Preserve GGUF-exported ChatML markers and keep output.weight untied. For Gemma, if first-token parity collapses after a clean qk_norm stage, check the exported rope_layout before suspecting tokenizer or stop-token bugs.
Recent Bring-up Fixes
Gemma 3: the bug was not in tokenization. We were applying RoPE with the wrong pairing style for Q/K. Gemma expects split-half RoPE, but the runtime could still use the other layout. Fix: read exported rope_layout and choose the matching RoPE kernel automatically.
Qwen3.5: hybrid recurrent-attention decode and Gated DeltaNet parity are now on the normal C-tokenizer route. <think> markers are preserved as special tokens, and visible vs. suppressed thinking is now a generic chat-contract mode instead of ad hoc runtime logic.

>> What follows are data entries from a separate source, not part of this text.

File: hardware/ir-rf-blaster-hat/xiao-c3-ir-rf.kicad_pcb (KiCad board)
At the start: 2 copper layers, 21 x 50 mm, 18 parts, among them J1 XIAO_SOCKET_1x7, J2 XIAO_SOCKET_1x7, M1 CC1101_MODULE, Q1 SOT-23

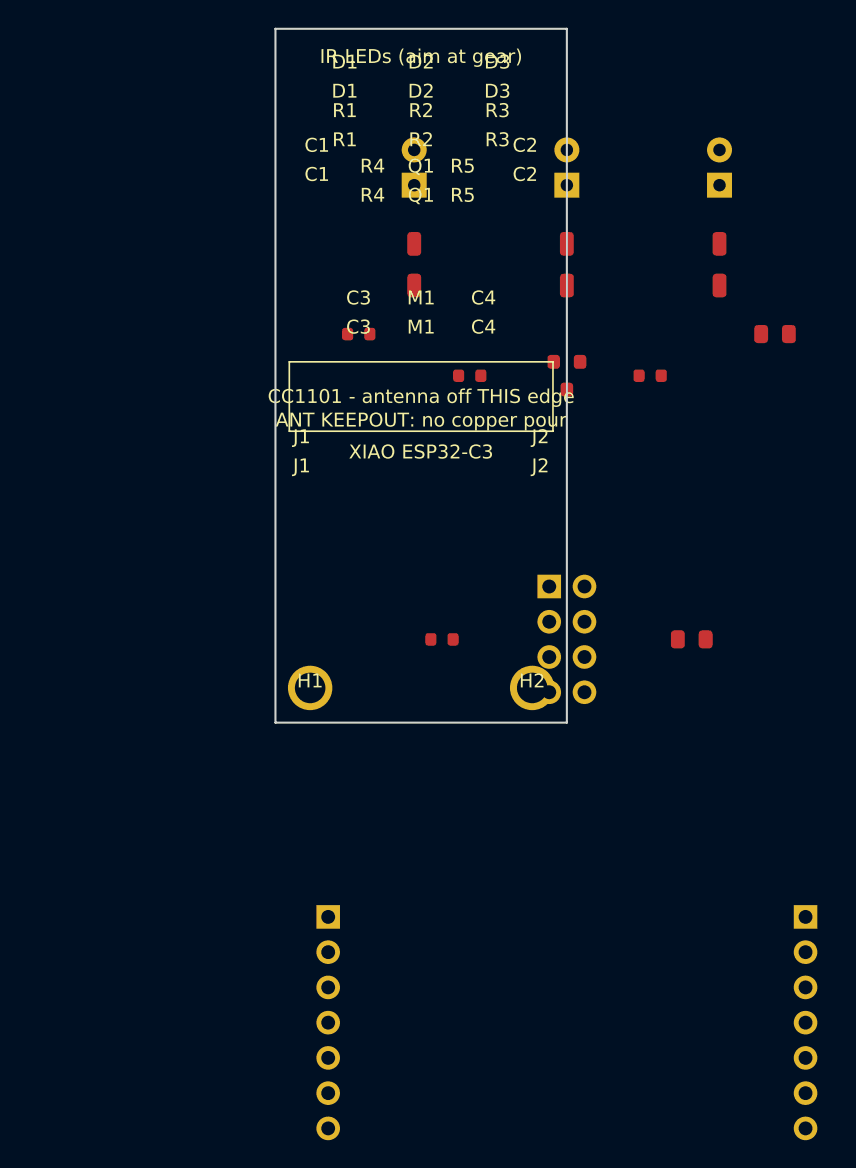
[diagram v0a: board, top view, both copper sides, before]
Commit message: feat(ir-rf-blaster): 4-layer, fully-routed, DRC-clean board
Rebuild the XIAO IR+RF blaster hat as a 4-layer board, generated headlessly:
- Stackup F.Cu / In1.Cu GND plane / In2.Cu +5V plane / B.Cu. Real KiCad library
  footprints (was crude embedded geometry). GND/+5V stitched to planes via
  through-vias; +3V3 and logic signals routed on the outer layers.
- SPI fan-out uses a monotonic XIAO->CC1101 pin mapping so the traces don't cross.
- Validated with kicad-cli (KiCad 9): DRC 0 errors, 0 unconnected. Board 22x50mm.
- Ships generate_pcb.py (kiutils), fill_zones.py (pcbnew LoadBoard), the 8 footprints
  (offline-reproducible), the filled .kicad_pcb, a top render, and Gerbers/drill.

pcbnew scripting crashes under amd64 emulation on Apple Silicon (FootprintLoad), so
generation uses kiutils and zone-fill uses pcbnew.LoadBoard (which doesn't crash);
kicad-cli does DRC/export. Documented in the README.

Still GUI TODOs (flagged): swap the provisional XIAO socket for Seeed's official
footprint, and add the antenna copper keepout for the specific CC1101 module.

Co-Authored-By: Claude Opus 4.8 <noreply@anthropic.com>
Claude-Session: https://claude.ai/code/session_01NfkRErMrPyNuft1RbpzMet
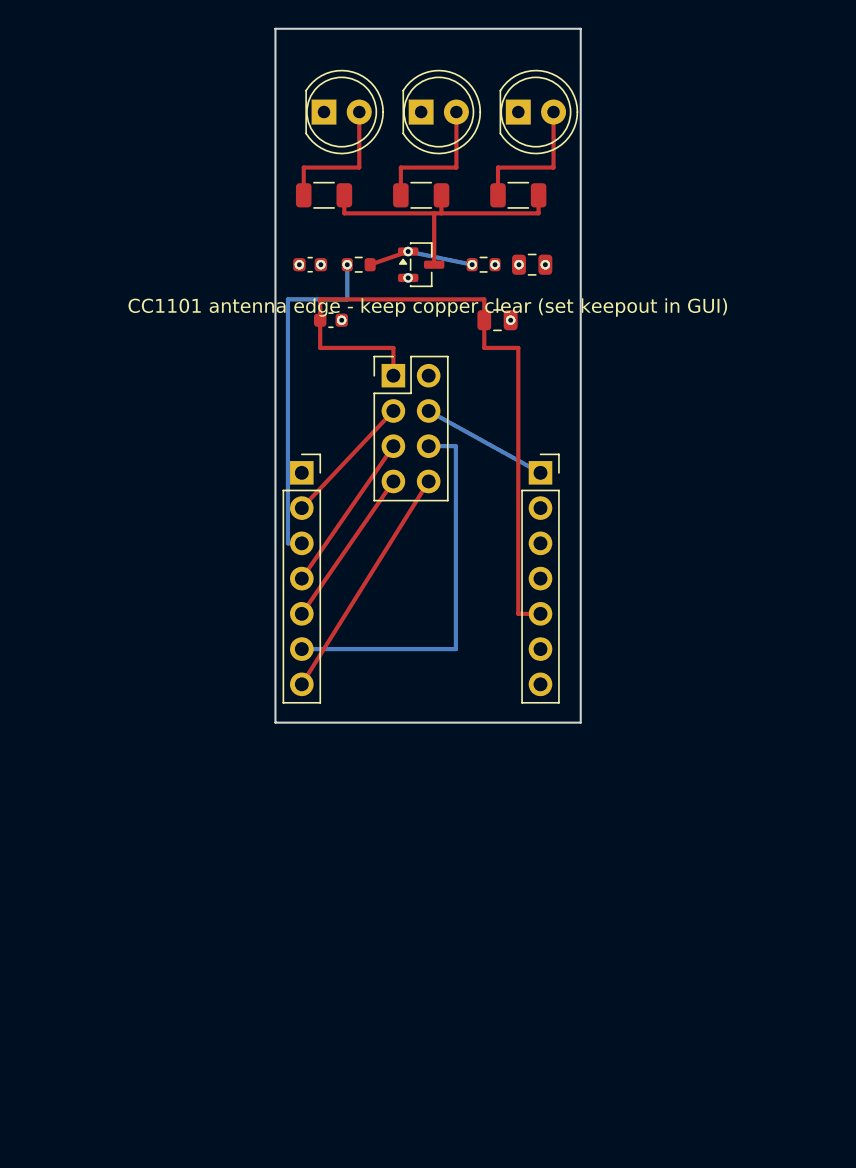
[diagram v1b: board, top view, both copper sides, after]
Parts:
- removed H1, H2: M2, hat:MountingHole_M2
- C1, C3: value C_0603 -> 100nF; footprint hat:C_0603 -> C_0603_1608Metric
- C2: value C_0805 -> 22uF; footprint hat:C_0805 -> C_0805_2012Metric
- C4: value C_0805 -> 10uF; footprint hat:C_0805 -> C_0805_2012Metric
- D1, D2, D3: value LED_D5.0mm -> 940nm; footprint hat:LED_D5.0mm -> LED_D5.0mm
- J1: value XIAO_SOCKET_1x7 -> XIAO_L; footprint hat:XIAO_SOCKET_1x7 -> PinSocket_1x07_P2.54mm_Vertical
- J2: value XIAO_SOCKET_1x7 -> XIAO_R; footprint hat:XIAO_SOCKET_1x7 -> PinSocket_1x07_P2.54mm_Vertical
- M1: value CC1101_MODULE -> CC1101; footprint hat:CC1101_MODULE -> PinHeader_2x04_P2.54mm_Vertical
- Q1: value SOT-23 -> AO3400A; footprint hat:SOT-23 -> SOT-23
- R1, R2, R3: value R_1206 -> 15R; footprint hat:R_1206 -> R_1206_3216Metric
- R4: value R_0603 -> 100R; footprint hat:R_0603 -> R_0603_1608Metric
- R5: value R_0603 -> 10k; footprint hat:R_0603 -> R_0603_1608Metric
- moved C1 6.02 mm to (2.50, 17.0)
- moved C2 6.02 mm to (18.5, 17.0)
- moved R5 4.74 mm to (15.0, 17.0)
- moved R4 4.61 mm to (6.00, 17.0)
- moved Q1 4.50 mm to (10.5, 17.0)
- moved R1 3.81 mm to (3.50, 12.0)
- moved R3 3.81 mm to (17.5, 12.0)
- moved M1 3.61 mm to (8.50, 25.0)
- moved R2 3.50 mm to (10.5, 12.0)
- moved C3 2.24 mm to (4.00, 21.0)
- moved D1 1.80 mm to (3.50, 6.00)
- moved D3 1.80 mm to (17.5, 6.00)
- moved C4 1.41 mm to (16.0, 21.0)
- moved D2 1.00 mm to (10.5, 6.00)
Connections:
- M1 pad 3: CC_SCK -> CC_GDO2
- M1 pad 4: CC_MOSI -> CC_MISO
- M1 pad 5: CC_MISO -> CC_CSN
- M1 pad 6: CC_CSN -> CC_SCK
- M1 pad 8: CC_GDO2 -> CC_MOSI
- Q1 pad 1: IR_TX -> Q_GATE
- R4 pad 2: IR_TX -> Q_GATE
- R5 pad 1: IR_TX -> Q_GATE
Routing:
- net +3V3: track 0.00 -> 49.3 mm
- net CC_SCK: track 0.00 -> 27.7 mm
- net IR_TX: track 0.00 -> 25.4 mm, vias 0 -> 1
- net Q_DRAIN: track 0.00 -> 21.6 mm
- net CC_MOSI: track 0.00 -> 17.2 mm
- net CC_GDO0: track 0.00 -> 11.6 mm
- net CC_CSN: track 0.00 -> 11.6 mm
- net LED2_K: track 0.00 -> 10.0 mm
- net LED1_K: track 0.00 -> 10.0 mm
- net LED3_K: track 0.00 -> 10.0 mm
- net CC_GDO2: track 0.00 -> 9.62 mm
- net CC_MISO: track 0.00 -> 9.21 mm
- net Q_GATE: track 0.00 -> 7.61 mm, vias 0 -> 2
- net GND: vias 0 -> 6
- net +5V: vias 0 -> 2
- added copper zone on In2.Cu, net +5V
- added copper zone on In1.Cu, net GND
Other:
- board size 21 x 50 mm -> 22 x 50 mm
- copper layers 2 -> 4
- rule pad_to_mask_clearance: 0.0 -> 0
- board text added: "CC1101 antenna edge - keep copper clear (set keepout in GUI)"
- board text removed: "ANT KEEPOUT: no copper pour"
- board text removed: "C1"
- board text removed: "C2"
- board text removed: "C3"
- board text removed: "C4"
- board text removed: "CC1101 - antenna off THIS edge"
- board text removed: "D1"
- board text removed: "D2"
- board text removed: "D3"
- board text removed: "IR LEDs (aim at gear)"
- board text removed: "J1"
- board text removed: "J2"
- board text removed: "M1"
- board text removed: "Q1"
- board text removed: "R1"
- board text removed: "R2"
- board text removed: "R3"
- board text removed: "R4"
- board text removed: "R5"
- board text removed: "XIAO ESP32-C3"

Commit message: refactor(ir-rf-blaster): straighter, 45-degree, centered routing
- Straight diagonals where the line is clear (LED cathodes; SPI fan is already
  straight parallel), 45-degree chamfers on the rest (no 90-degree turns).
- Components centered east-west about the board centerline (x=11).
- Simplified the +3V3 tail to XIAO 3V3: straight drop + one 45-degree bend.
Still DRC-clean (0 errors, 0 unconnected). Re-exported Gerbers + render.

Co-Authored-By: Claude Opus 4.8 <noreply@anthropic.com>
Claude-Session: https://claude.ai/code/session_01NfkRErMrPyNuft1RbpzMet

Llama / Nanbeige: SentencePiece + ChatML bring-up stabilized with untied output.weight preserved. Nanbeige remains an active inference lane; long coherent think traces are treated as model style, not as evidence of kernel breakage.
Validation Commands (v7 inference matrix)
These commands are the current inference readiness gates for Qwen2, Qwen3, Qwen3.5, Gemma3, and the active Nanbeige bring-up lane.
python3 version/v7/scripts/validate_model_matrix_v7.py
python3 version/v7/scripts/validate_parity_matrix_v7.py
python3 version/v7/scripts/validate_long_decode_stability_v7.py
# Nanbeige-specific stitched call-IR regression
python3 version/v7/scripts/test_kv_cache_batch_copy_call_ir_v7.py \
--run-dir ~/.cache/ck-engine-v7/models/mradermacher--Nanbeige4.1-3B-GGUF
Matrix validators honor cached GGUFs by default; add --allow-download when you want them to fetch missing models.
Growth path: inference coverage now spans Qwen2/Qwen3/Qwen3.5/Gemma3 plus the Llama/Nanbeige bring-up lane.
Qwen3.5 adds hybrid recurrent-attention coverage with Gated DeltaNet kernels (forward + backward), compatible with the 0.8B dense variant.
Gemma now runs on the correct split-half RoPE parity path, and Nanbeige has a documented SentencePiece/ChatML bring-up lane on the C tokenizer.
v7 still targets full training expansion: backward kernels, optimizer state, gradient reduction, and IR‑driven training schedules.
This page will keep evolving into a single matrix that shows inference + training coverage per model family.